En nombre de George Bush, Marlin Fitzwater proclama que el programa social de los demócratas no ha podido ser disminuido ni repensado, y que lo lamenta. Y desarrolla la tesis preferida de los pensadores del Partido Republicano, según la cual la asistencia irresponsabiliza, destruye los hogares, ya que se entrega a los maridos (que, tan pronto la reciben, abandonan a sus familias), no constituye para nada una incitación al trabajo y no favorece ni la creación de empleos ni la construcción de viviendas.

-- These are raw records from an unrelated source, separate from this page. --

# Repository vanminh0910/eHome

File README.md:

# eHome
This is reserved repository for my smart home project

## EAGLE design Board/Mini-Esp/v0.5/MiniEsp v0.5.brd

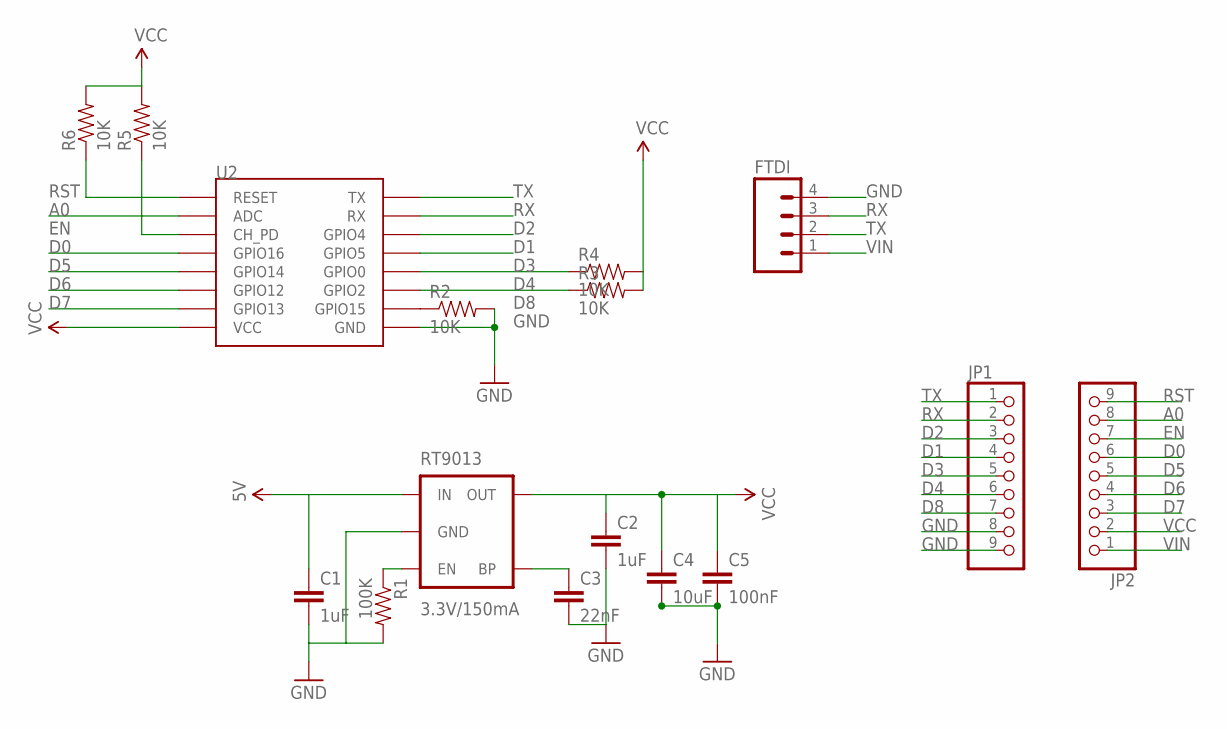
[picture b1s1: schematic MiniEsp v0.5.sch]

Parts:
C1, C2: 1uF; 0805
C3: 22nF; 0805
C4: 10uF; 0805
C5: 100nF; 0805
FTDI: M04PTH; 1X04
JP1, JP2: PINHD-1X9; 1X09-BIG
R1: 100K; 0805
R2, R3, R4, R5, R6: 10K; 0805
RT9013: 3.3V/150mA; SOT23-5
U2: ESP12

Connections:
A0: JP2.8, U2.ADC
BP: C3.1, RT9013.4 (BP)
D0: JP2.6, U2.GPIO16
D1: JP1.4, U2.GPIO5
D2: JP1.3, U2.GPIO4
D3: JP1.5, R4.1, U2.GPIO0
D4: JP1.6, R3.1, U2.GPIO2
D5: JP2.5, U2.GPIO14
D6: JP2.4, U2.GPIO12
D7: JP2.3, U2.GPIO13
D8: JP1.7, R2.1, U2.GPIO15
EN: JP2.7, R5.1, U2.CH_PD
GND: C1.2, C2.2, C3.2, C4.2, C5.2, FTDI.4, JP1.8, JP1.9, R1.2, R2.2, RT9013.2 (GND), U2.GND
LDO_EN: R1.1, RT9013.3 (EN)
RST: JP2.9, R6.1, U2.RESET
RX: FTDI.3, JP1.2, U2.RX
TX: FTDI.2, JP1.1, U2.TX
VCC: C2.1, C4.1, C5.1, JP2.2, R3.2, R4.2, R5.2, R6.2, RT9013.5 (OUT), U2.VCC
VIN: C1.1, FTDI.1, JP2.1, RT9013.1 (IN)

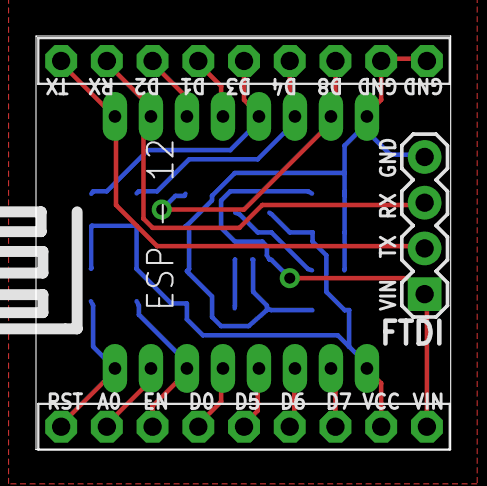
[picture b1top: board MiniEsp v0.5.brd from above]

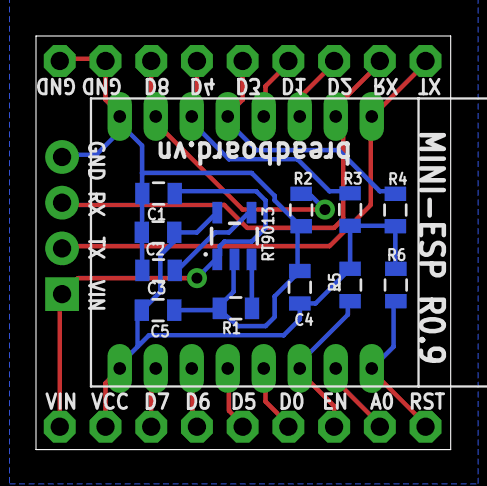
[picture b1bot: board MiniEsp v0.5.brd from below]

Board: 2 copper layers, 23.0 x 23.0 mm, 16 parts (12 on the bottom side), 19 nets.

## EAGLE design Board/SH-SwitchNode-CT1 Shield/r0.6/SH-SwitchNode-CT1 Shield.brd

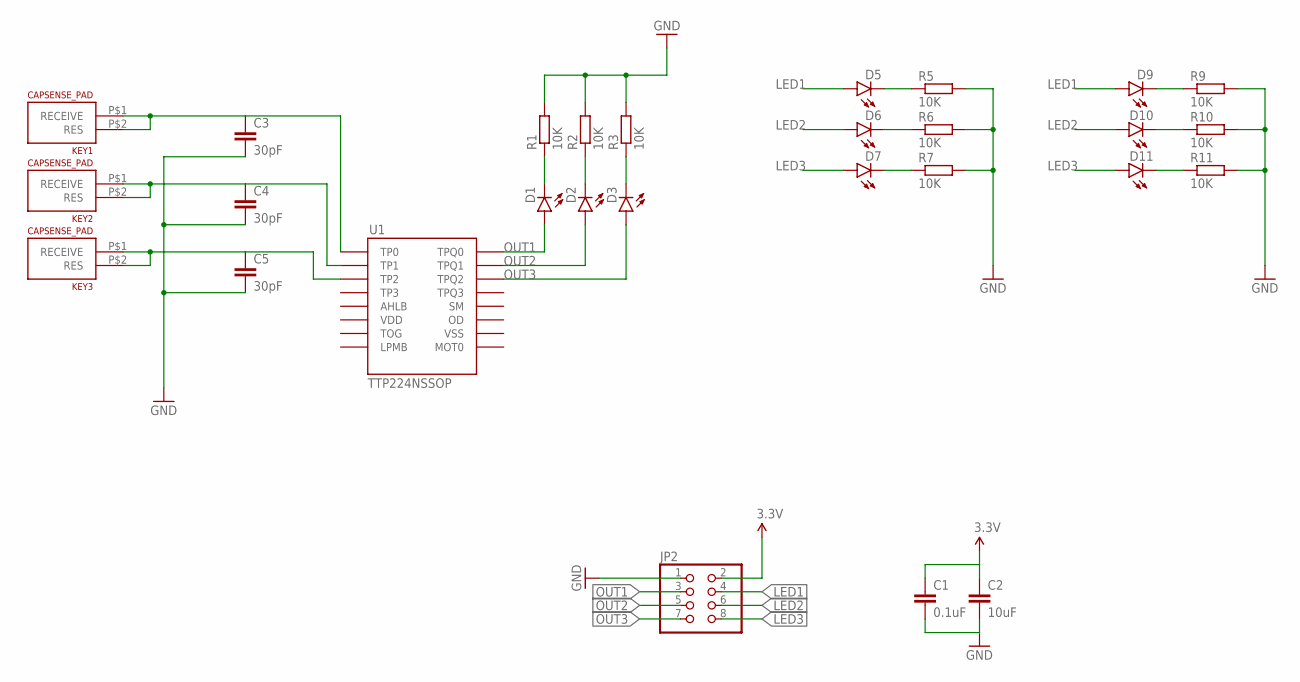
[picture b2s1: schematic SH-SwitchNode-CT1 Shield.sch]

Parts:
C1: 0.1uF; 0805
C2: 10uF; 0805
C3, C4, C5: 30pF; 0805
D1, D2, D3, D5, D6, D7, D9, D10, D11: LED1206-BOTTOM; LED-1206-BOTTOM
JP2: PINHD-2X4; 2X04
KEY1, KEY2, KEY3: CAPSENSE_PAD
R1, R2, R3, R5, R6, R7, R9, R10, R11: 10K; R0805
U1: TTP224NSSOP; SSOP16

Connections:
3.3V: C1.1, C2.1, JP2.2
GND: C1.2, C2.2, C3.2, C4.2, C5.2, JP2.1, R1.2, R2.2, R3.2, R5.2, R6.2, R7.2, R9.2, R10.2, R11.2
KEY1: C3.1, KEY1.P$1 (RECEIVE), KEY1.P$2 (RES), U1.1 (TP0)
KEY2: C4.1, KEY2.P$1 (RECEIVE), KEY2.P$2 (RES), U1.2 (TP1)
KEY3: C5.1, KEY3.P$1 (RECEIVE), KEY3.P$2 (RES), U1.3 (TP2)
LED1: D5.A, D9.A, JP2.4
LED2: D6.A, D10.A, JP2.6
LED3: D7.A, D11.A, JP2.8
unnamed: D5.C, R5.1
unnamed: D6.C, R6.1
unnamed: D1.C, R1.1
unnamed: D7.C, R7.1
unnamed: D9.C, R9.1
unnamed: D2.C, R2.1
unnamed: D3.C, R3.1
unnamed: D10.C, R10.1
unnamed: D11.C, R11.1
OUT1: D1.A, JP2.3, U1.16 (TPQ0)
OUT2: D2.A, JP2.5, U1.15 (TPQ1)
OUT3: D3.A, JP2.7, U1.14 (TPQ2)
VDD: U1.6 (VDD)
VSS: U1.10 (VSS)

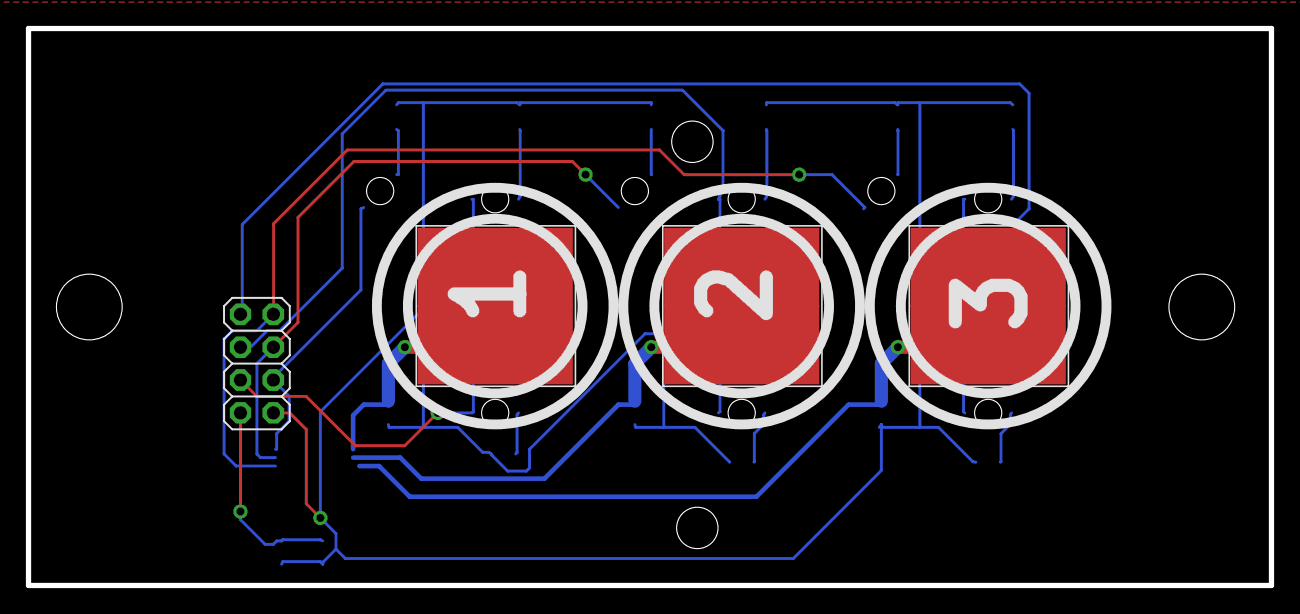
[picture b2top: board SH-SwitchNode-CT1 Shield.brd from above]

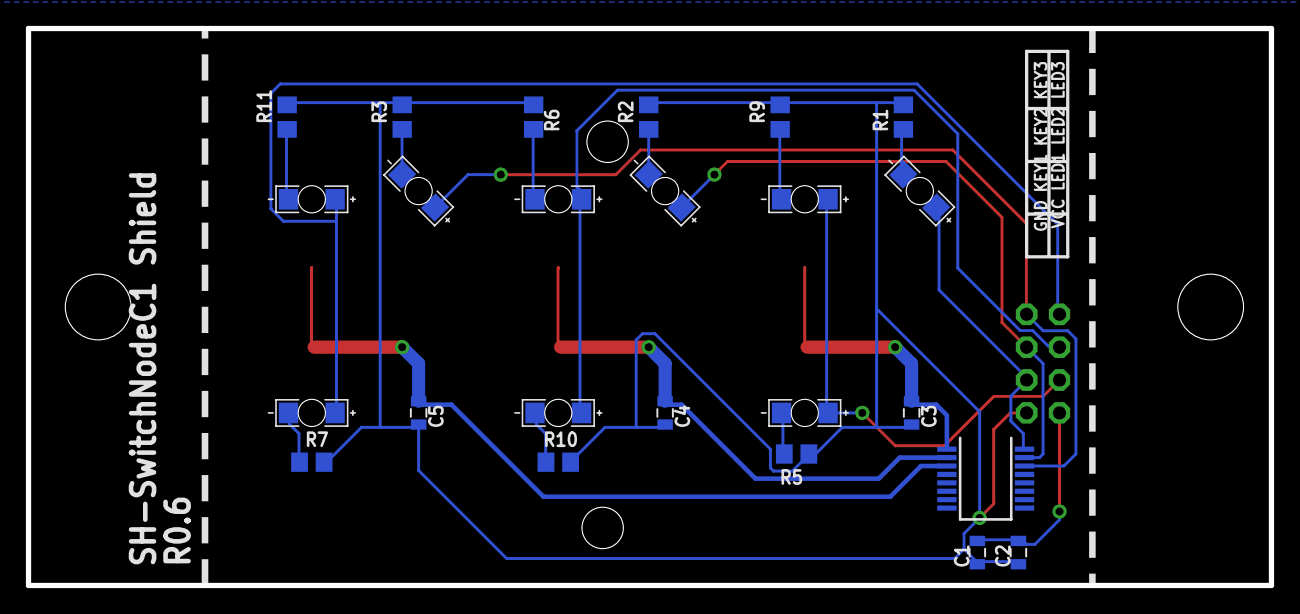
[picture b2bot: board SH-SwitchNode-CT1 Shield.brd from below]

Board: 2 copper layers, 96.1 x 43.0 mm, 28 parts (24 on the bottom side), 20 nets.

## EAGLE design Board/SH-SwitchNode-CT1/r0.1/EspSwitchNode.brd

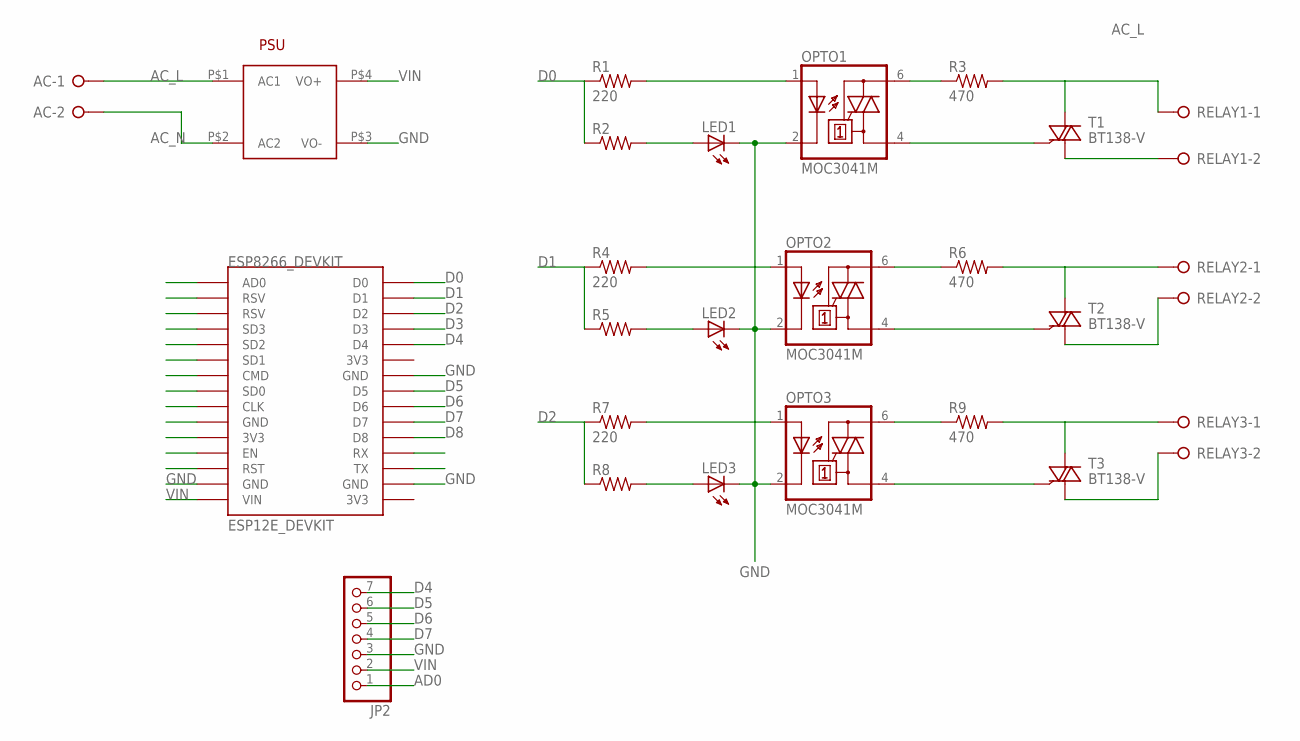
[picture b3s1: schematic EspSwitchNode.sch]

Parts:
AC: W237-02P; W237-132
ESP8266_DEVKIT: ESP12E_DEVKIT
JP2: PINHD-1X7; 1X07
LED1, LED2, LED3: LEDCHIPLED_0805; CHIPLED_0805
OPTO1, OPTO2, OPTO3: MOC3041M; DIL06
PSU: HLK-PM01
R1, R4, R7: 220; M0805
R2, R5, R8: R-US_M0805; M0805
R3, R6, R9: 470; M0805
RELAY1, RELAY2, RELAY3: W237-02P; W237-132
T1, T2, T3: BT138-V; TO220BV

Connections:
3V3: ESP8266_DEVKIT.3V3@0 (3V3)
AC_L: AC.1, PSU.P$1 (AC1), R3.2, R6.2, R9.2, RELAY1.1, RELAY2.1, RELAY3.1, T1.T2 (A2), T2.T2 (A2), T3.T2 (A2)
AC_N: AC.2, PSU.P$2 (AC2)
AD0: ESP8266_DEVKIT.AD0, JP2.1
CLK: ESP8266_DEVKIT.CLK
CMD: ESP8266_DEVKIT.CMD
D0: ESP8266_DEVKIT.D0, R1.1, R2.1
D1: ESP8266_DEVKIT.D1, R4.1, R5.1
D2: ESP8266_DEVKIT.D2, R7.1, R8.1
D3: ESP8266_DEVKIT.D3
D4: ESP8266_DEVKIT.D4, JP2.7
D5: ESP8266_DEVKIT.D5, JP2.6
D6: ESP8266_DEVKIT.D6, JP2.5
D7: ESP8266_DEVKIT.D7, JP2.4
D8: ESP8266_DEVKIT.D8
EN: ESP8266_DEVKIT.EN
GND: ESP8266_DEVKIT.GND@0 (GND), ESP8266_DEVKIT.GND@1 (GND), ESP8266_DEVKIT.GND@2 (GND), ESP8266_DEVKIT.GND@3 (GND), JP2.3, LED1.C, LED2.C, LED3.C, OPTO1.2 (C), OPTO2.2 (C), OPTO3.2 (C), PSU.P$3 (VO-)
unnamed: OPTO1.1 (A), R1.2
unnamed: OPTO1.6 (A2), R3.1
unnamed: OPTO2.1 (A), R4.2
unnamed: LED2.A, R5.2
unnamed: OPTO2.6 (A2), R6.1
unnamed: OPTO1.4 (A1), T1.G
unnamed: OPTO2.4 (A1), T2.G
unnamed: OPTO3.1 (A), R7.2
unnamed: LED3.A, R8.2
unnamed: RELAY2.2, T2.T1 (A1)
unnamed: OPTO3.6 (A2), R9.1
unnamed: OPTO3.4 (A1), T3.G
unnamed: RELAY3.2, T3.T1 (A1)
unnamed: LED1.A, R2.2
unnamed: RELAY1.2, T1.T1 (A1)
RST: ESP8266_DEVKIT.RST
RX: ESP8266_DEVKIT.RX
SD0: ESP8266_DEVKIT.SD0
SD1: ESP8266_DEVKIT.SD1
SD2: ESP8266_DEVKIT.SD2
SD3: ESP8266_DEVKIT.SD3
TX: ESP8266_DEVKIT.TX
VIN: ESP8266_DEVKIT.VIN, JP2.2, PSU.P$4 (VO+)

En resumidas cuentas, se trata del gran debate entre los partidarios de.una forma tímida del Estado providencia y los adeptos del ultraliberalismo. Tal debate, incluso si se halla groseramente instrumentalizado por el mero hecho de que la campaña electoral en Estados Unidos es implacable, no deja de ser el del planeta entero, desde el hundimiento del modelo soviético y el reino general de la economía de mercado. ¿Pueden privilegiarse los valores competitívos a costa de los valores de solidaridad? ¿Hay que dejar a los pobres entregados a la pobreza so pretexto de responsabilizarles? ¿No sería más conveniente corregir los métodos de asistencia antes que suprimirlos? Las cuestiones precedentes se plantean en todo momento y en todo lugar.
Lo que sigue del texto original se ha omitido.